Energy efficiency in the manufacturing field is of increased importance in China. To achieve that goal, the Chinese government has announced new infrastructure initiatives meant to pivot away from highly polluting manufacturing to new investments in manufacturing that emphasize energy efficiency. According to Reuters, in 2020, China lowered coal as a primary use of energy to 56.8%, down from 68% in 2010. However, coal still accounts for nearly 70% of electricity generation. In 2019, China invested $83.9 billion in clean energy, roughly 23% of global energy investment, according to reports from the Center for Strategic and International Studies.

Carbon Capture, Utilization, and Storage (CCUS)

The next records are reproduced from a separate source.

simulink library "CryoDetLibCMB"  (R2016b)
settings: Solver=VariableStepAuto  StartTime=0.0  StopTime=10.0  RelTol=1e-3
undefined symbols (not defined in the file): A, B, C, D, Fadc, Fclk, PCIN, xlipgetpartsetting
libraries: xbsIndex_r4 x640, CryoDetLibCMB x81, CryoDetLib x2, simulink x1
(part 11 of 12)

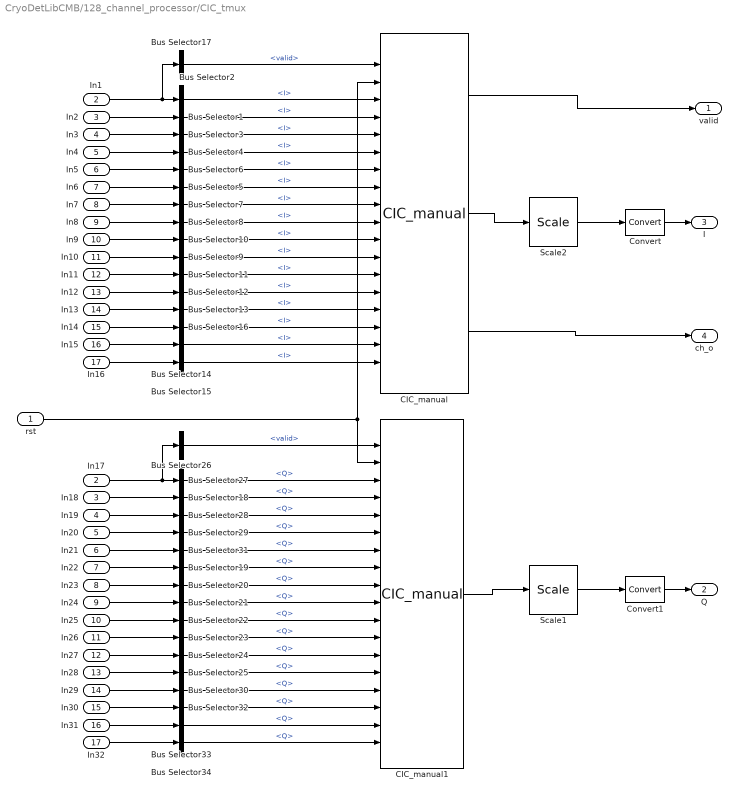
== system CryoDetLibCMB/128_channel_processor/CIC_tmux ==
  rst : Inport
  In1 : Inport  Port=2
  In2 : Inport  Port=3
  In3 : Inport  Port=4
  In4 : Inport  Port=5
  In5 : Inport  Port=6
  In6 : Inport  Port=7
  In7 : Inport  Port=8
  In8 : Inport  Port=9
  In9 : Inport  Port=10
  In10 : Inport  Port=11
  In11 : Inport  Port=12
  In12 : Inport  Port=13
  In13 : Inport  Port=14
  In14 : Inport  Port=15
  In15 : Inport  Port=16
  In16 : Inport  Port=17
  Bus Selector{1..16} (16 alike) : BusSelector  OutputSignals=I
  Bus Selector17 : BusSelector  OutputSignals=valid
  Bus Selector{18..25,27..34} (16 alike) : BusSelector  OutputSignals=Q
  Bus Selector26 : BusSelector  OutputSignals=valid
  CIC_manual : CryoDetLibCMB/CIC_manual  n_bit=30  b_pt=15
  CIC_manual1 : CryoDetLibCMB/CIC_manual  n_bit=30  b_pt=15
  Convert : xbsIndex_r4/Convert  gui_display_data_type=Fixed-point  arith_type="Signed  (2's comp)"  n_bits=18  bin_pt=16  float_type=Single  exp_bits=8  fraction_bits=24  quantization=Truncate  overflow=Wrap  en=off  latency=0  pipeline=off  dbl_ovrd=off  block_type=convert
  Convert1 : xbsIndex_r4/Convert  gui_display_data_type=Fixed-point  arith_type="Signed  (2's comp)"  n_bits=18  bin_pt=16  float_type=Single  exp_bits=8  fraction_bits=24  quantization=Truncate  overflow=Wrap  en=off  latency=0  pipeline=off  dbl_ovrd=off  block_type=convert
  In17 : InportShadow  Port=2
  In18 : InportShadow  Port=3
  In19 : InportShadow  Port=4
  In20 : InportShadow  Port=5
  In21 : InportShadow  Port=6
  In22 : InportShadow  Port=7
  In23 : InportShadow  Port=8
  In24 : InportShadow  Port=9
  In25 : InportShadow  Port=10
  In26 : InportShadow  Port=11
  In27 : InportShadow  Port=12
  In28 : InportShadow  Port=13
  In29 : InportShadow  Port=14
  In30 : InportShadow  Port=15
  In31 : InportShadow  Port=16
  In32 : InportShadow  Port=17
  Scale1 : xbsIndex_r4/Scale  scale_factor=-12  dbl_ovrd=off  block_type=scale
  Scale2 : xbsIndex_r4/Scale  scale_factor=-12  dbl_ovrd=off  block_type=scale
  valid : Outport
  Q : Outport  Port=2
  I : Outport  Port=3
  ch_o : Outport  Port=4
  wires:
  rst/1 -> CIC_manual1/2, CIC_manual/2
  Bus Selector26/1 -> CIC_manual1/1  "<valid>"
  Bus Selector34/1 -> CIC_manual1/18  "<Q>"
  Bus Selector33/1 -> CIC_manual1/17  "<Q>"
  Bus Selector32/1 -> CIC_manual1/16  "<Q>"
  Bus Selector31/1 -> CIC_manual1/7  "<Q>"
  Bus Selector30/1 -> CIC_manual1/15  "<Q>"
  Bus Selector29/1 -> CIC_manual1/6  "<Q>"
  Bus Selector28/1 -> CIC_manual1/5  "<Q>"
  Bus Selector27/1 -> CIC_manual1/3  "<Q>"
  Bus Selector25/1 -> CIC_manual1/14  "<Q>"
  Bus Selector24/1 -> CIC_manual1/13  "<Q>"
  Bus Selector23/1 -> CIC_manual1/12  "<Q>"
  Bus Selector22/1 -> CIC_manual1/11  "<Q>"
  Bus Selector21/1 -> CIC_manual1/10  "<Q>"
  Bus Selector20/1 -> CIC_manual1/9  "<Q>"
  Bus Selector19/1 -> CIC_manual1/8  "<Q>"
  Bus Selector18/1 -> CIC_manual1/4  "<Q>"
  In1/1 -> Bus Selector17/1, Bus Selector2/1
  In2/1 -> Bus Selector1/1
  In3/1 -> Bus Selector3/1
  In4/1 -> Bus Selector4/1
  In5/1 -> Bus Selector6/1
  In6/1 -> Bus Selector5/1
  In7/1 -> Bus Selector7/1
  In8/1 -> Bus Selector8/1
  In9/1 -> Bus Selector10/1
  In10/1 -> Bus Selector9/1
  In11/1 -> Bus Selector11/1
  In12/1 -> Bus Selector12/1
  In13/1 -> Bus Selector13/1
  In14/1 -> Bus Selector16/1
  In15/1 -> Bus Selector14/1
  In16/1 -> Bus Selector15/1
  In17/1 -> Bus Selector27/1, Bus Selector26/1
  In18/1 -> Bus Selector18/1
  In19/1 -> Bus Selector28/1
  In20/1 -> Bus Selector29/1
  In21/1 -> Bus Selector31/1
  In22/1 -> Bus Selector19/1
  In23/1 -> Bus Selector20/1
  In24/1 -> Bus Selector21/1
  In25/1 -> Bus Selector22/1
  In26/1 -> Bus Selector23/1
  In27/1 -> Bus Selector24/1
  In28/1 -> Bus Selector25/1
  In29/1 -> Bus Selector30/1
  In30/1 -> Bus Selector32/1
  In31/1 -> Bus Selector33/1
  In32/1 -> Bus Selector34/1
  Bus Selector1/1 -> CIC_manual/4  "<I>"
  Bus Selector10/1 -> CIC_manual/11  "<I>"
  Bus Selector11/1 -> CIC_manual/13  "<I>"
  Bus Selector12/1 -> CIC_manual/14  "<I>"
  Bus Selector13/1 -> CIC_manual/15  "<I>"
  Bus Selector14/1 -> CIC_manual/17  "<I>"
  Bus Selector15/1 -> CIC_manual/18  "<I>"
  Bus Selector16/1 -> CIC_manual/16  "<I>"
  Bus Selector17/1 -> CIC_manual/1  "<valid>"
  Bus Selector2/1 -> CIC_manual/3  "<I>"
  Bus Selector3/1 -> CIC_manual/5  "<I>"
  Bus Selector4/1 -> CIC_manual/6  "<I>"
  Bus Selector5/1 -> CIC_manual/8  "<I>"
  Bus Selector6/1 -> CIC_manual/7  "<I>"
  Bus Selector7/1 -> CIC_manual/9  "<I>"
  Bus Selector8/1 -> CIC_manual/10  "<I>"
  Bus Selector9/1 -> CIC_manual/12  "<I>"
  CIC_manual/2 -> Scale2/1
  CIC_manual/1 -> valid/1
  CIC_manual/3 -> ch_o/1
  CIC_manual1/2 -> Scale1/1
  Convert/1 -> I/1
  Convert1/1 -> Q/1
  Scale2/1 -> Convert/1
  Scale1/1 -> Convert1/1

== system CryoDetLibCMB/128_channel_processor/IQ_status_sel ==
  sel : Inport
  Q : Inport  Port=2
  I : Inport  Port=3
  ch : Inport  Port=4
  BitBasher : xbsIndex_r4/BitBasher  bitexpr=out = {I,Q}  display_expr=off  sr_1=out  arith_type1=Unsigned  bin_pt1=0  sr_2=2  arith_type2=Unsigned  bin_pt2=0  sr_3=3  arith_type3=Unsigned  bin_pt3=0  sr_4=4  arith_type4=Unsigned  bin_pt4=0  dbl_ovrd=off  block_type=bitbasher
  Convert : xbsIndex_r4/Convert  gui_display_data_type=Fixed-point  arith_type="Signed  (2's comp)"  n_bits=16  bin_pt=15  float_type=Single  exp_bits=8  fraction_bits=24  quantization=Truncate  overflow=Wrap  en=off  latency=1  pipeline=off  dbl_ovrd=off  block_type=convert
  Convert1 : xbsIndex_r4/Convert  gui_display_data_type=Fixed-point  arith_type="Signed  (2's comp)"  n_bits=16  bin_pt=15  float_type=Single  exp_bits=8  fraction_bits=24  quantization=Truncate  overflow=Wrap  en=off  latency=1  pipeline=off  dbl_ovrd=off  block_type=convert
  Register1 : xbsIndex_r4/Register  init=0  rst=off  en=on  dbl_ovrd=off  block_type=register
  Relational : xbsIndex_r4/Relational  mode=a=b  op_type=Bool  en=off  latency=1  dbl_ovrd=off  block_type=relational
  IQ_status_r : Outport
  wires:
  Convert/1 -> BitBasher/1
  sel/1 -> Relational/1
  ch/1 -> Relational/2
  Q/1 -> Convert/1
  I/1 -> Convert1/1
  BitBasher/1 -> Register1/1
  Register1/1 -> IQ_status_r/1
  Convert1/1 -> BitBasher/2
  Relational/1 -> Register1/2

== system CryoDetLibCMB/128_channel_processor/decimate_phase ==
  note: 1
  rst : Inport
  In1 : Inport  Port=2
  In2 : Inport  Port=3
  In3 : Inport  Port=4
  In4 : Inport  Port=5
  In5 : Inport  Port=6
  In6 : Inport  Port=7
  In7 : Inport  Port=8
  In8 : Inport  Port=9
  In9 : Inport  Port=10
  In10 : Inport  Port=11
  In11 : Inport  Port=12
  In12 : Inport  Port=13
  In13 : Inport  Port=14
  In14 : Inport  Port=15
  In15 : Inport  Port=16
  In16 : Inport  Port=17
  Bus Selector{1..16} (16 alike) : BusSelector  OutputSignals=phase
  Bus Selector17 : BusSelector  OutputSignals=valid
  decimate_128 : CryoDetLibCMB/decimate_128
  valid : Outport
  phase : Outport  Port=2
  ch_o : Outport  Port=3
  wires:
  rst/1 -> decimate_128/2
  In1/1 -> Bus Selector17/1, Bus Selector2/1
  In2/1 -> Bus Selector1/1
  In4/1 -> Bus Selector4/1
  In5/1 -> Bus Selector5/1
  In6/1 -> Bus Selector6/1
  In7/1 -> Bus Selector7/1
  In8/1 -> Bus Selector8/1
  In9/1 -> Bus Selector9/1
  In10/1 -> Bus Selector10/1
  In11/1 -> Bus Selector11/1
  In12/1 -> Bus Selector12/1
  In13/1 -> Bus Selector13/1
  In14/1 -> Bus Selector14/1
  In15/1 -> Bus Selector15/1
  In16/1 -> Bus Selector16/1
  Bus Selector1/1 -> decimate_128/4  "<phase>"
  Bus Selector9/1 -> decimate_128/11  "<phase>"
  Bus Selector11/1 -> decimate_128/13  "<phase>"
  Bus Selector12/1 -> decimate_128/14  "<phase>"
  Bus Selector13/1 -> decimate_128/15  "<phase>"
  Bus Selector15/1 -> decimate_128/17  "<phase>"
  Bus Selector16/1 -> decimate_128/18  "<phase>"
  Bus Selector14/1 -> decimate_128/16  "<phase>"
  Bus Selector17/1 -> decimate_128/1  "<valid>"
  Bus Selector2/1 -> decimate_128/3  "<phase>"
  In3/1 -> Bus Selector3/1
  Bus Selector4/1 -> decimate_128/6  "<phase>"
  Bus Selector6/1 -> decimate_128/8  "<phase>"
  Bus Selector5/1 -> decimate_128/7  "<phase>"
  Bus Selector7/1 -> decimate_128/9  "<phase>"
  Bus Selector8/1 -> decimate_128/10  "<phase>"
  Bus Selector10/1 -> decimate_128/12  "<phase>"
  decimate_128/2 -> phase/1
  Bus Selector3/1 -> decimate_128/5  "<phase>"
  decimate_128/1 -> valid/1
  decimate_128/3 -> ch_o/1

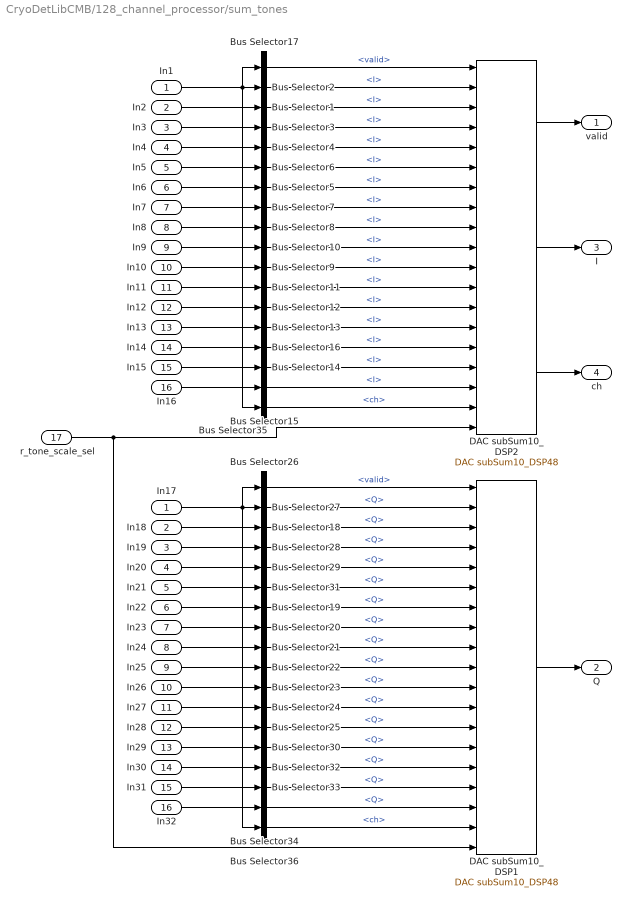
== system CryoDetLibCMB/128_channel_processor/sum_tones ==
  In1 : Inport
  In2 : Inport  Port=2
  In3 : Inport  Port=3
  In4 : Inport  Port=4
  In5 : Inport  Port=5
  In6 : Inport  Port=6
  In7 : Inport  Port=7
  In8 : Inport  Port=8
  In9 : Inport  Port=9
  In10 : Inport  Port=10
  In11 : Inport  Port=11
  In12 : Inport  Port=12
  In13 : Inport  Port=13
  In14 : Inport  Port=14
  In15 : Inport  Port=15
  In16 : Inport  Port=16
  r_tone_scale_sel : Inport  Port=17
  Bus Selector{1..16} (16 alike) : BusSelector  OutputSignals=I
  Bus Selector17 : BusSelector  OutputSignals=valid
  Bus Selector{18..25,27..34} (16 alike) : BusSelector  OutputSignals=Q
  Bus Selector26 : BusSelector  OutputSignals=valid
  Bus Selector35 : BusSelector  OutputSignals=ch
  Bus Selector36 : BusSelector  OutputSignals=ch
  DAC subSum10_DSP1 : CryoDetLibCMB/DAC subSum10_DSP48  VariantControl=Variant1
      link override Convert1: gui_display_data_type=Fixed-point  arith_type="Signed  (2's comp)"  n_bits=18  bin_pt=17  float_type=Single  exp_bits=8  fraction_bits=24  quantization=Truncate  overflow=Wrap  en=off  latency=0  pipeline=off  dbl_ovrd=off
      link override Convert2: gui_display_data_type=Fixed-point  arith_type="Signed  (2's comp)"  n_bits=19  bin_pt=17  float_type=Single  exp_bits=8  fraction_bits=24  quantization=Truncate  overflow=Wrap  en=off  latency=0  pipeline=off  dbl_ovrd=off
      link override Convert3: gui_display_data_type=Fixed-point  arith_type="Signed  (2's comp)"  n_bits=19  bin_pt=17  float_type=Single  exp_bits=8  fraction_bits=24  quantization=Truncate  overflow=Wrap  en=off  latency=0  pipeline=off  dbl_ovrd=off
      link override Convert4: gui_display_data_type=Fixed-point  arith_type="Signed  (2's comp)"  n_bits=18  bin_pt=17  float_type=Single  exp_bits=8  fraction_bits=24  quantization=Truncate  overflow=Wrap  en=off  latency=0  pipeline=off  dbl_ovrd=off
      link override Convert5: gui_display_data_type=Fixed-point  arith_type="Signed  (2's comp)"  n_bits=19  bin_pt=17  float_type=Single  exp_bits=8  fraction_bits=24  quantization=Truncate  overflow=Wrap  en=off  latency=0  pipeline=off  dbl_ovrd=off
      link override Convert6: gui_display_data_type=Fixed-point  arith_type="Signed  (2's comp)"  n_bits=19  bin_pt=17  float_type=Single  exp_bits=8  fraction_bits=24  quantization=Truncate  overflow=Wrap  en=off  latency=0  pipeline=off  dbl_ovrd=off
      link override Convert1: infoedit=Hardware notes: rounding and saturating require hardware resources; truncating and wrapping do not.
      link override Convert2: infoedit=Hardware notes: rounding and saturating require hardware resources; truncating and wrapping do not.
      link override Convert3: infoedit=Hardware notes: rounding and saturating require hardware resources; truncating and wrapping do not.
      link override Convert4: infoedit=Hardware notes: rounding and saturating require hardware resources; truncating and wrapping do not.
      link override Convert5: infoedit=Hardware notes: rounding and saturating require hardware resources; truncating and wrapping do not.
      link override Convert6: infoedit=Hardware notes: rounding and saturating require hardware resources; truncating and wrapping do not.
  DAC subSum10_DSP2 : CryoDetLibCMB/DAC subSum10_DSP48  VariantControl=Variant1
      link override Convert1: gui_display_data_type=Fixed-point  arith_type="Signed  (2's comp)"  n_bits=18  bin_pt=17  float_type=Single  exp_bits=8  fraction_bits=24  quantization=Truncate  overflow=Wrap  en=off  latency=0  pipeline=off  dbl_ovrd=off
      link override Convert2: gui_display_data_type=Fixed-point  arith_type="Signed  (2's comp)"  n_bits=19  bin_pt=17  float_type=Single  exp_bits=8  fraction_bits=24  quantization=Truncate  overflow=Wrap  en=off  latency=0  pipeline=off  dbl_ovrd=off
      link override Convert3: gui_display_data_type=Fixed-point  arith_type="Signed  (2's comp)"  n_bits=19  bin_pt=17  float_type=Single  exp_bits=8  fraction_bits=24  quantization=Truncate  overflow=Wrap  en=off  latency=0  pipeline=off  dbl_ovrd=off
      link override Convert4: gui_display_data_type=Fixed-point  arith_type="Signed  (2's comp)"  n_bits=18  bin_pt=17  float_type=Single  exp_bits=8  fraction_bits=24  quantization=Truncate  overflow=Wrap  en=off  latency=0  pipeline=off  dbl_ovrd=off
      link override Convert5: gui_display_data_type=Fixed-point  arith_type="Signed  (2's comp)"  n_bits=19  bin_pt=17  float_type=Single  exp_bits=8  fraction_bits=24  quantization=Truncate  overflow=Wrap  en=off  latency=0  pipeline=off  dbl_ovrd=off
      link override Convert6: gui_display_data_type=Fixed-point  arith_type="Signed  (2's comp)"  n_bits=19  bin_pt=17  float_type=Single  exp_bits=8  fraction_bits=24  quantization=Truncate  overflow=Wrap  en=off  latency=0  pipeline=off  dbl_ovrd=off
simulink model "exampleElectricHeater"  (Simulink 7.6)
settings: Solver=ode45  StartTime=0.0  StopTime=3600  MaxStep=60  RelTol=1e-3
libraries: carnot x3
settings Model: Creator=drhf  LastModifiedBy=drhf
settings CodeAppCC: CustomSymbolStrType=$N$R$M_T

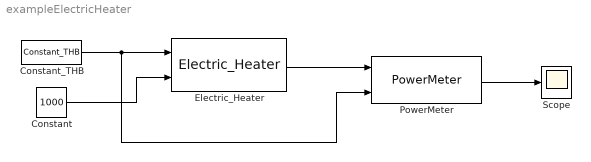
== system exampleElectricHeater ==
  Constant : Constant  Value=1000
  Constant_THB : carnot/Source/Simple/Constant_THB  SystemSampleTime=-1  t=40  mdot=500/3600  p=1e5  mID=No Pressure Drop  fluid=Water  mix=0  dia=0.02  hgt=0
  Electric_Heater : carnot/Source/Boiler/Electric_Heater  SystemSampleTime=-1
  PowerMeter : carnot/Control/PowerMeter  SystemSampleTime=-1
  Scope : Scope
  wires:
  Constant_THB/1 -> PowerMeter/2, Electric_Heater/1
  Constant/1 -> Electric_Heater/2
  Electric_Heater/1 -> PowerMeter/1
  PowerMeter/1 -> Scope/1

CCUS is still an emerging technology with economic complications stemming from scalability; however, the market size is expected to grow from $1.6 billion in 2020 to $3.5 billion in 2025, according to Daxue Consulting. More optimistic estimates believe that the market could reach $1 trillion by 2030. While most CCUS efforts come from capturing carbon from CO2-dense flue gasses at fossil fuel plants, direct air capture (DAC) CCUS is promising because of its ability to be deployed anywhere. Currently, the most profitable application of CCUS is selling captured CO2, which is pressurized and then pumped into oil wells to enhance oil recovery. Reports estimate that for the world to reach its carbon goals by 2050, 2,000 CCUS facilities must be built to capture CO2. With only seven operational CCUS facilities in China, there will be a massive need for China to construct these facilities in the coming decades.

Green Building

Green building has grown in popularity in China. While sustainable buildings make up a small percentage of China’s construction market, China is adopting more green building practices, which presents opportunities for U.S. architecture, construction, and engineering services firms. According to the China Business Review, new regulations require that 70% of new urban buildings be certified green buildings by 2022. Major municipalities, including Shanghai, Beijing, and Shenzhen, plan to exceed that goal, requiring all new commercial buildings to be green buildings.  This also includes plans to renovate schools, hospitals, and public buildings to be more energy-efficient. The ongoing State Council Green Building Action Plan, launched in 2014, mandates that public facilities such as schools, hospitals, museums, stadiums, and affordable housing, as well as any single building area over 20,000 square meters, such as airports, railway stations, hotels, restaurants, shopping malls, offices, and other large public buildings, must meet the green building standards of China’s 3-Star Rating System GBEL (The Green Building Evaluation Label). China’s Green Building Action Plan also provides the refurbishment of some 400 million square meters of existing urban housing in northern China and 400,000 rural dwellings subject to major thermal rehabilitation works.  According to the U.S. Green Business Council, in 2018, LEED-certified Grade A office buildings exceeded 523 million square meters across greater China, an increase of 7.3% from the previous year and accounted for over 27% of the total market share in ten prominent cities. In 2019, China ranked #1 for LEED Certification outside of the U.S. with over 79 million gross square meters, an increase of 14% from the previous year.